Being fast and accurate in a choice task often requires selective attention to relevant stimulus attributes, particularly when irrelevant attributes are associated with a conflicting response. In the laboratory, choice conflict is commonly studied using variants of the Stroop (1935) task, where the irrelevant dimension is usually linguistic, and the Simon task (Simon & Rudell, 1967), where interference arises from correspondence between the irrelevant spatial attributes of stimuli and responses. MacLeod’s (1991) review of the Stroop literature endorses two models, Cohen, Dunbar and McClelland (1990) – where interference depends on the relative strengths of relevant and irrelevant stimulus attributes, and Logan (1980) – which also allows for differences in the relative speed-of-processing of relevant and irrelevant attributes. Subsequent, highly influential papers have elaborated the strength-only perspective into a general behavioral and neural theory of conflict resolution and cognitive control (e.g., Botvinick, Braver, Barch, Carter, & Cohen, 2001; Miller & Cohen, 2001). Theories of the Simon task, in contrast, have in the main emphasized the importance of relative speed-of-processing.

Hommel (1993a) proposed that the task-irrelevant spatial information in the Simon task is encoded rapidly, but that it also decays rapidly. The magnitude of interference depends on the temporal overlap between response activation caused by the transient spatial information and response activation caused by a slower and more persistent encoding of task-relevant information. De Jong, Liang, and Lauber (1994) proposed a dual-route model (see also Frith & Done, 1986; Kornblum, Hasbroucq & Osman, 1990; Sanders, 1967) combining a fast direct route that transiently encodes spatial information with a second slower route that can, by itself, also be a source of interference. The slower route performs a transformation of the stimulus that is supposed to follow task instructions, but it can also produce interference because both relevant and irrelevant attributes are encoded (Hedge & Marsh, 1975). This stimulus-compatibility interference broadened earlier purely stimulus-response compatibility conceptualizations, leading Hasbroucq and Guiard (1991) to characterize the Simon effect as a spatial variant of the Stroop effect. They located the stimulus compatibility effect in a stimulus-identification stage but subsequently Lu and Proctor (1994) reported evidence consistent with both compatibility effects influencing the same response-selection stage.

Dual-route architectures are now common in models of the Simon effect (e.g., Ridderinkhof, 2002a; Tagliabue, Zorzi, Umilta, & Bassignani, 2000). The fast and slow routes are often referred to as, respectively, “direct” and “cognitive” routes, and the magnitude of Simon-effect interference is assumed to be a function of both the relative speed and strength of the two routes (Lu & Proctor, 1995). A direct route instantiating “an initial tendency to react towards the source of stimulation” (Craft & Simon, 1970, p.415) has strong face validity. This is particularly so in the most commonly used “horizontal” version of the Simon task – where the stimuli and response keys are located on the left and right – given the tendency to reach for a source of lateral stimulation with the corresponding hand that is learned early in life and is perhaps to some degree innate (Umilta & Zorzi, 1997).

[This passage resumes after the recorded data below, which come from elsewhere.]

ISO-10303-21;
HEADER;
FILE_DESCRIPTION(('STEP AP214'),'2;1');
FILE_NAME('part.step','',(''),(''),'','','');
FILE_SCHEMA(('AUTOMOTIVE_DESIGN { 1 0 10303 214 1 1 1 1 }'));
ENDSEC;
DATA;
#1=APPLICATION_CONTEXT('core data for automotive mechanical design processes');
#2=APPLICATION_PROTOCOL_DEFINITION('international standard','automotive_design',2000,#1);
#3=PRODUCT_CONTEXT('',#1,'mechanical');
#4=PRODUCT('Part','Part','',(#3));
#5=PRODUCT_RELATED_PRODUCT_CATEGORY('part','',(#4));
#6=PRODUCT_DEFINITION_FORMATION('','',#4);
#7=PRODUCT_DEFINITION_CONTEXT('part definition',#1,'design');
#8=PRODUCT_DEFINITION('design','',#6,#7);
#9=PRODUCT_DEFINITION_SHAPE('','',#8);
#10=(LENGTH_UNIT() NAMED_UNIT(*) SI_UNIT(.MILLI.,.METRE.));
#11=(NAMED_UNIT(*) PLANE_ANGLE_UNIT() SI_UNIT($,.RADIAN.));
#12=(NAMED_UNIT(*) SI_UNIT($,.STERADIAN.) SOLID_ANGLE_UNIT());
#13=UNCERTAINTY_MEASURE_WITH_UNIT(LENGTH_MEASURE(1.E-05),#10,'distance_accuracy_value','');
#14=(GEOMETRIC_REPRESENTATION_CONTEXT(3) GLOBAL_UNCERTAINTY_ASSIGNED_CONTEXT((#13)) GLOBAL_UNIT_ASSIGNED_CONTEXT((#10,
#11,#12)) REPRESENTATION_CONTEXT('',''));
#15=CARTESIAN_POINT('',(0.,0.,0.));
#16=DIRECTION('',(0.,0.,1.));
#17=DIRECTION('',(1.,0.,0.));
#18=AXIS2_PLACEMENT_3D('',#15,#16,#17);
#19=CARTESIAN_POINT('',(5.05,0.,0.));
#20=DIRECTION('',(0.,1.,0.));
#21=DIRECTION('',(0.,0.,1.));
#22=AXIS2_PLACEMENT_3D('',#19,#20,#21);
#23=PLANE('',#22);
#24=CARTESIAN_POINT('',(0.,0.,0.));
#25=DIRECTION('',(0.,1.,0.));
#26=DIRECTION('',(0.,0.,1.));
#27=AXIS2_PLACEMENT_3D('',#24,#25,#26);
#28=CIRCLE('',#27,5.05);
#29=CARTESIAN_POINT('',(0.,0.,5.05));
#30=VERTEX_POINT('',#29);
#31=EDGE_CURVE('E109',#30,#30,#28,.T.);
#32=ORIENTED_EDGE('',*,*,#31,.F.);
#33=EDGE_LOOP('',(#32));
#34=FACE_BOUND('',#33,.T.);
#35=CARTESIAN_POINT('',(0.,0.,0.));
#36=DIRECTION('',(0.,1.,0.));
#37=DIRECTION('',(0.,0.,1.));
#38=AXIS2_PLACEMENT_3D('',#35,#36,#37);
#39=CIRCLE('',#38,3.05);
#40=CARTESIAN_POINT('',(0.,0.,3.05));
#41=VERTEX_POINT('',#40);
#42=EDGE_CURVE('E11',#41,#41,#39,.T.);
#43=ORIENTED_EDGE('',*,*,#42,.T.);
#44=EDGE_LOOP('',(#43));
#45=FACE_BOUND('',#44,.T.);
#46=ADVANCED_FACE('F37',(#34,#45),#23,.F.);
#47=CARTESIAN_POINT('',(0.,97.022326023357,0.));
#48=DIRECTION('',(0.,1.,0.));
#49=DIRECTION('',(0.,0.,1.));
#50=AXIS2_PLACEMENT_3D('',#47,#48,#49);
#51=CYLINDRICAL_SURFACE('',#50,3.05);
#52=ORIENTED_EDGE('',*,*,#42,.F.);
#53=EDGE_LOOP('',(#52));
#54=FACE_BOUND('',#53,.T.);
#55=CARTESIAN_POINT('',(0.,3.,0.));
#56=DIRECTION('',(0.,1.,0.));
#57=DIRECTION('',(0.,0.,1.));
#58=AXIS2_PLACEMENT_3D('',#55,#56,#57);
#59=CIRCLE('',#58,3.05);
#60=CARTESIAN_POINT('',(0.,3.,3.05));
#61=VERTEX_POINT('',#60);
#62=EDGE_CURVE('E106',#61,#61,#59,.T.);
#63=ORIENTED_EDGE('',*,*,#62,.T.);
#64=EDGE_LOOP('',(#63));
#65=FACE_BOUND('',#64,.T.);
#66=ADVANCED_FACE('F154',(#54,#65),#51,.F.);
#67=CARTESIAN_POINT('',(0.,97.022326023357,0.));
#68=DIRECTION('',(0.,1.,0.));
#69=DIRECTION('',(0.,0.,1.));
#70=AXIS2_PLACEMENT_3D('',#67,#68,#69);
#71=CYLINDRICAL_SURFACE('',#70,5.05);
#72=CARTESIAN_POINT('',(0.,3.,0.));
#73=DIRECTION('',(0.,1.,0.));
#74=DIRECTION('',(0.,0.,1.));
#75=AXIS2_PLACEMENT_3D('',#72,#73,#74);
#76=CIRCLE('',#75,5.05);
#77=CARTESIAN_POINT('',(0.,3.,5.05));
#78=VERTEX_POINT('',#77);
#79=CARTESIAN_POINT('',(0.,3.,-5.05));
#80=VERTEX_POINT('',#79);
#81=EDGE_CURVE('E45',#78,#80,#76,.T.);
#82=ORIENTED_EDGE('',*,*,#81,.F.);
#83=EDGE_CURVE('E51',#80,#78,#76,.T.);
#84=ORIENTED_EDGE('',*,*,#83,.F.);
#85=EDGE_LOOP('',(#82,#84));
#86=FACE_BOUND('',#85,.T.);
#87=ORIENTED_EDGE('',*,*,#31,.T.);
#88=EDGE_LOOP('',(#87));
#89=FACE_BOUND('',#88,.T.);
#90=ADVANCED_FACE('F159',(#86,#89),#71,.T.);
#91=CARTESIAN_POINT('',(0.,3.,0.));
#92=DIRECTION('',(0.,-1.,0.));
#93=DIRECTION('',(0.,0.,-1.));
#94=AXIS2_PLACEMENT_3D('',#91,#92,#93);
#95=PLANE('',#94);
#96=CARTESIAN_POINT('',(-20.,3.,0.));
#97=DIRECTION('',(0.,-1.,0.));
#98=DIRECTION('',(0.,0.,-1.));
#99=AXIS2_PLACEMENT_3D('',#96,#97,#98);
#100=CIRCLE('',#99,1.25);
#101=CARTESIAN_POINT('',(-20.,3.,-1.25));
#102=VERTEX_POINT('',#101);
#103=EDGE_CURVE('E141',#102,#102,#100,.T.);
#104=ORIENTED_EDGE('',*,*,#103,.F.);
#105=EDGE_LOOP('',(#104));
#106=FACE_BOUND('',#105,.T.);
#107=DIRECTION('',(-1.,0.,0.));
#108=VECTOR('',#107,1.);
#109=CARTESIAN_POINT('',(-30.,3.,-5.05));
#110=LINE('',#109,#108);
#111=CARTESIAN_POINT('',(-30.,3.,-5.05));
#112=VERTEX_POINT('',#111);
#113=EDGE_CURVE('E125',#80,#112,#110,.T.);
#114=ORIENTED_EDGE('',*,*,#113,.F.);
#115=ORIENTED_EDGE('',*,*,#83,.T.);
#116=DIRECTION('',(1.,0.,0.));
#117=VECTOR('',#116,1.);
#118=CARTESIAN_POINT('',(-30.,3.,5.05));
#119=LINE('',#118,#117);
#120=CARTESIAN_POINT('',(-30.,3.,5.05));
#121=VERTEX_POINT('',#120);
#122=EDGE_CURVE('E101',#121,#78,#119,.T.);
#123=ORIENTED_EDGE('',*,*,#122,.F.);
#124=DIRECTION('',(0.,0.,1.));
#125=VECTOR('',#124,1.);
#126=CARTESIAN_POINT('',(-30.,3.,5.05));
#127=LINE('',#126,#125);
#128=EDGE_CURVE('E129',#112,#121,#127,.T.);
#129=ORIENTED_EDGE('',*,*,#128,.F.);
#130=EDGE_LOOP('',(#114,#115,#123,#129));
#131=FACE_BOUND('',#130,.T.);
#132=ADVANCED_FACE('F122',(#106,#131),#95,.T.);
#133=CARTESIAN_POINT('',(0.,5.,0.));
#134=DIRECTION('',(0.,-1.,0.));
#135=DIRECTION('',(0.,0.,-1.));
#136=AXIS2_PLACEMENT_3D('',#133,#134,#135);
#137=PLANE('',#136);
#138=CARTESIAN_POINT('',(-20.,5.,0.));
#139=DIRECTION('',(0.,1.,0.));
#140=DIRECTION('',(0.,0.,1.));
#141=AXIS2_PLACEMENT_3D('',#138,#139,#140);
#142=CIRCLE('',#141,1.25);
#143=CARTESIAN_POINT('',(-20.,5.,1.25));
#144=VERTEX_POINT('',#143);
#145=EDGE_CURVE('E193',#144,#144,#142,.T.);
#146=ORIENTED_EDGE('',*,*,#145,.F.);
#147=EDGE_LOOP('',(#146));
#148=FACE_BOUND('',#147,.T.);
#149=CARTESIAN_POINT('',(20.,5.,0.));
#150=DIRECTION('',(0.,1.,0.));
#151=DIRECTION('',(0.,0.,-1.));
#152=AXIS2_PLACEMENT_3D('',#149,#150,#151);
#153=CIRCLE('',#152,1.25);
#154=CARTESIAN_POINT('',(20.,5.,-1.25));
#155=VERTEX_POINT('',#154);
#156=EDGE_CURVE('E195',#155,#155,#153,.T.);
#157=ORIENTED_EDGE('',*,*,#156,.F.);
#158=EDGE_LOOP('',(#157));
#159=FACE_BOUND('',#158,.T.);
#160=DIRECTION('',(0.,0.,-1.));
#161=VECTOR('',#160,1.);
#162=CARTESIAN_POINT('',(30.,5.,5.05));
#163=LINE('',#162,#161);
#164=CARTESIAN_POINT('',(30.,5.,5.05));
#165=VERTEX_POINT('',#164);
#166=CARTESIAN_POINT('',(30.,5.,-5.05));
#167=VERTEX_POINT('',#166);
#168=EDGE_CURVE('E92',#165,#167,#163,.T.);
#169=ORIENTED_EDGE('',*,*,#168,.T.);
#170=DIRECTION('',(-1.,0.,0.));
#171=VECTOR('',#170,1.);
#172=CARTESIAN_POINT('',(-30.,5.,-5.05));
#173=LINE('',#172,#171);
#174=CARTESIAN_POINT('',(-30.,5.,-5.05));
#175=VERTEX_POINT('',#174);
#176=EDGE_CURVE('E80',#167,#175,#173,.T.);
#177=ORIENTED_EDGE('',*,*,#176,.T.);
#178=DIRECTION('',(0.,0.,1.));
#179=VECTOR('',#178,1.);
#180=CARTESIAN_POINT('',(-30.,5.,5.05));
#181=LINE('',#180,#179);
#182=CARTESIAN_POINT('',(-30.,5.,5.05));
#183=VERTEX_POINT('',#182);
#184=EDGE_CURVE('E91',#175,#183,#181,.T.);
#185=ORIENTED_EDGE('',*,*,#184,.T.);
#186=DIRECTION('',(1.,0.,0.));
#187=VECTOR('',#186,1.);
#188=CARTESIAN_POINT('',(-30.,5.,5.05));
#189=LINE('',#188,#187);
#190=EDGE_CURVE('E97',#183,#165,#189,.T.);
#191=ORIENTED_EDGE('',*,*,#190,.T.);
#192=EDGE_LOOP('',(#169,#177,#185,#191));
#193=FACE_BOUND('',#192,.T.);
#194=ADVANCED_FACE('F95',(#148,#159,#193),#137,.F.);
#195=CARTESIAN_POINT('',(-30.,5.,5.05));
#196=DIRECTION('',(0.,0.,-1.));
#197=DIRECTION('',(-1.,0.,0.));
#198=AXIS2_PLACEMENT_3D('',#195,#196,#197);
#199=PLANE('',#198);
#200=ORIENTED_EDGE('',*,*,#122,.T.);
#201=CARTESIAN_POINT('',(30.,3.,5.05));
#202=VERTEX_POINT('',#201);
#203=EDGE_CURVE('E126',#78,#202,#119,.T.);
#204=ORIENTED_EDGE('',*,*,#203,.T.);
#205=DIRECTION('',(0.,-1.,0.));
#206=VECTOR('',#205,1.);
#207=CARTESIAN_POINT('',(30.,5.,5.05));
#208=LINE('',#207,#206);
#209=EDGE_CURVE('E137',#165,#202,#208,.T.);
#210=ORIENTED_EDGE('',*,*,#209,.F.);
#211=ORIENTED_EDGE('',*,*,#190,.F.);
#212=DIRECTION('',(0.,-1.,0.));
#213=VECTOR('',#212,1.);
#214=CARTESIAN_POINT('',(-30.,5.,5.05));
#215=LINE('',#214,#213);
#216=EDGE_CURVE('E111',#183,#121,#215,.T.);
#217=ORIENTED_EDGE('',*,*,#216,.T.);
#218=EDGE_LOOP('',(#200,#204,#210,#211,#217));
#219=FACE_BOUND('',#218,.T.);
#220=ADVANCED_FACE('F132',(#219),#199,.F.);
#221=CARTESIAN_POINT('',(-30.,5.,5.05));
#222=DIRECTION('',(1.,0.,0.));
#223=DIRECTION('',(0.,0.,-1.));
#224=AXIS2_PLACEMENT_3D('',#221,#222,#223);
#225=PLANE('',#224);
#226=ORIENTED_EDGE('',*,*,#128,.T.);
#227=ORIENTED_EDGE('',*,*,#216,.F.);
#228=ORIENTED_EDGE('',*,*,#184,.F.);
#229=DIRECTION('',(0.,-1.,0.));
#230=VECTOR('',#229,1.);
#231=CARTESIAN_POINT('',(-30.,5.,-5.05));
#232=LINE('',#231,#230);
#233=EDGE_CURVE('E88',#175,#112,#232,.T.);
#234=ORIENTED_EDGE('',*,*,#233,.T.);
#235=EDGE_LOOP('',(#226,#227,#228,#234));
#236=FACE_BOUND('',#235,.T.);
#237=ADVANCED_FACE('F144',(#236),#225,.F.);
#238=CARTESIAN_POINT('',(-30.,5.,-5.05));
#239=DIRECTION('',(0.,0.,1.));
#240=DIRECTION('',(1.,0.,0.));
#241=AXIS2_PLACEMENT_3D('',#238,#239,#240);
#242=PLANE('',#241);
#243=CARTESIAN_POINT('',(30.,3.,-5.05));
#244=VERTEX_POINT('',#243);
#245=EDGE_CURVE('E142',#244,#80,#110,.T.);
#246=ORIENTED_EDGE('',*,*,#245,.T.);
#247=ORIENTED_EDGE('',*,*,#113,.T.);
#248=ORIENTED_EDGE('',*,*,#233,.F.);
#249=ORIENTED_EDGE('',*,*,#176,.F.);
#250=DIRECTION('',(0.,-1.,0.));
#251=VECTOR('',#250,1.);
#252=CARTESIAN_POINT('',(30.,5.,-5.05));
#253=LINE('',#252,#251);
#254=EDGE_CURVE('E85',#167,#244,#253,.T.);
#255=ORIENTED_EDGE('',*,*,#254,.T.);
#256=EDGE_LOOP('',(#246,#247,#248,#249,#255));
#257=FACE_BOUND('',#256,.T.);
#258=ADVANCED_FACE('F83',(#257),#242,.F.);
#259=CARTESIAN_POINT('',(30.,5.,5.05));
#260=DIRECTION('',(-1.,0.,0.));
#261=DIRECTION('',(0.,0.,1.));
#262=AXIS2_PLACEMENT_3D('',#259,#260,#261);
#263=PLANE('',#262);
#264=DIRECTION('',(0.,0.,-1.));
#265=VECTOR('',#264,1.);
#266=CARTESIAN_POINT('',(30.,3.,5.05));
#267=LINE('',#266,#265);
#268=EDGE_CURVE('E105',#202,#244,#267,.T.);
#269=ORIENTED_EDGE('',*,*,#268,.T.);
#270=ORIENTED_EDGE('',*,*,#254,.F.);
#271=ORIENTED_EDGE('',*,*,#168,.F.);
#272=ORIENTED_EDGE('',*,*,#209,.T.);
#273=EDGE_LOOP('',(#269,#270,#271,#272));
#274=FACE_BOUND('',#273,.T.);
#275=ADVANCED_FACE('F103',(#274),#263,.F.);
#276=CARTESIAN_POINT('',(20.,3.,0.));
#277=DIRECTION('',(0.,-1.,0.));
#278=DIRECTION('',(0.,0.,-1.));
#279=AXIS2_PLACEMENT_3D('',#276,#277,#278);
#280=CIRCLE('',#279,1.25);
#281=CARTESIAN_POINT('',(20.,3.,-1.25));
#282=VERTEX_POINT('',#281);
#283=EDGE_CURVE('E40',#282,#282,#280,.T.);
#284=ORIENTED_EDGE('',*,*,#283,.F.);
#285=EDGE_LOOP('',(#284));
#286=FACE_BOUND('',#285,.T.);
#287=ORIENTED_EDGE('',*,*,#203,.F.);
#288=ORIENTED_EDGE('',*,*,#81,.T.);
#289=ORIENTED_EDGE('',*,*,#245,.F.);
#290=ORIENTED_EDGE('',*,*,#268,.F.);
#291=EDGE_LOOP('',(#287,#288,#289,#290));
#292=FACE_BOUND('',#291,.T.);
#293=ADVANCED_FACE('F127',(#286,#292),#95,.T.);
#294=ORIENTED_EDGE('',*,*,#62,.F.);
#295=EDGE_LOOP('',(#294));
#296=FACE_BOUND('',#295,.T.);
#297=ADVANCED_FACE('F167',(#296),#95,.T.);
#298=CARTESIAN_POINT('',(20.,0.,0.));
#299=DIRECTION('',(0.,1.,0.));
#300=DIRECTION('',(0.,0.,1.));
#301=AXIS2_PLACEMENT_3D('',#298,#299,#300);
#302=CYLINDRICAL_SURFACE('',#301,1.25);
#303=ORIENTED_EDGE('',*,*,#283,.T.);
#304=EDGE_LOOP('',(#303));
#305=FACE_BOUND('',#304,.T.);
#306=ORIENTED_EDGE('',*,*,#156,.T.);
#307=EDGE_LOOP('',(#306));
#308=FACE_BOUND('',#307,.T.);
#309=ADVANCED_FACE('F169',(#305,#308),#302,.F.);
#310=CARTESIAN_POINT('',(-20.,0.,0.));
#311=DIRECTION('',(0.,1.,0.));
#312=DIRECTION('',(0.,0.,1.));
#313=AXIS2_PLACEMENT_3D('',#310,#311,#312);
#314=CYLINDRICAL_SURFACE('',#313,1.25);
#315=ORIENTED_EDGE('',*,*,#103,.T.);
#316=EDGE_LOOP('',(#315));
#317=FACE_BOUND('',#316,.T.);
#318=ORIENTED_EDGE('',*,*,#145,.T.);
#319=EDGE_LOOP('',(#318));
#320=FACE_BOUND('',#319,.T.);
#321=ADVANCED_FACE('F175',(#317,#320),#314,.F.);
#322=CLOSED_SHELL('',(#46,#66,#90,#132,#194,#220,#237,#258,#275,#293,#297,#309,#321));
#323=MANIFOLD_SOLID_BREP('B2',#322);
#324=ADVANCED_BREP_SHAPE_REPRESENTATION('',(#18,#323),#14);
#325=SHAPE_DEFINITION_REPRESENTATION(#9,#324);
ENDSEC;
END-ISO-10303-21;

The primary aim of the present study is to determine whether, as is usually assumed, activation from task-irrelevant attributes becomes available earlier than activation from task-relevant attributes. We will refer to this possibility as the “time-difference account.” Alternatively, it is equally possible that activation from both relevant and irrelevant attributes become available at the same time, but with the activation from irrelevant attributes initially being stronger. We will refer to this as the “magnitude-difference account.” The a priori plausibility of the time difference account can be validated by consulting the neuroanatomical paths supporting the processing of the different attributes and independently tested, such as by measuring simple reaction times to each, but the same cannot be said for the magnitude approach. Our analysis aims to address this imbalance.

Figure 1 schematically depicts the magnitude-difference and time-difference explanations for conflict trials, where positive values indicate activation favoring the correct response (see Ivanoff, Klein, & Lupianez, 2002, and Ivanoff, 2003, for related depictions of models of the time course of the factors underlying the Simon effect). Critically, the total activation, which is the sum of relevant and irrelevant activation, is similar in both cases, varying between −1 and 1, demonstrating that both explanations yield the same (correct) predictions for the time course of the conflict effect. This is especially true for measures, like response latencies or accuracy rates, insofar as both accounts correctly predict larger interference effects in the earliest responses and attenuated interference effects in later responses. Thus, to date it has been very difficult to distinguish the time- and magnitude-difference accounts of the Simon effect. Fortunately, it is possible to adjudicate these two accounts by including a neutral condition in a task that incorporates a measure that can reveal the emergence of the Simon effect over time.

To distinguish the time- and magnitude-difference accounts, one needs to distinguish the relative differences in time between when the task-relevant and task-irrelevant information first begin to influence the behavioral response. To isolate the influence of task-relevant information, we use a neutral stimulus, which is presented along the vertical meridian and, therefore, does not carry with it any task-irrelevant spatial information. We then take advantage of the temporal resolution afforded by the reach-to-touch paradigm (Buetti & Kerzel, 2008, 2009; Finkbeiner, Coltheart & Coltheart, 2014) to identify the points in time that the task-relevant and task-irrelevant spatial information first begin to influence the response. If these are the same points in time, the magnitude-difference account should be favored. If, though, one finds that the task-irrelevant spatial information begins to influence the response earlier than the task-relevant information, the time-difference account should be favored. In what follows, we take advantage of the ability of the reach-to-touch paradigm to reveal the emergence of experimental effects across time to identify the points in time that the task-relevant and irrelevant information first begin to influence the response. To anticipate our results, our findings support the time-difference account – insofar as we find that the task-irrelevant spatial position of the target stimulus begins to influence responses before the task-relevant information does – but that a magnitude-difference account has a role in modulation of the Simon effect by trial history (i.e., sequential effects, Hommel, Proctor, & Vu, 2004; Stürmer et al., 2002).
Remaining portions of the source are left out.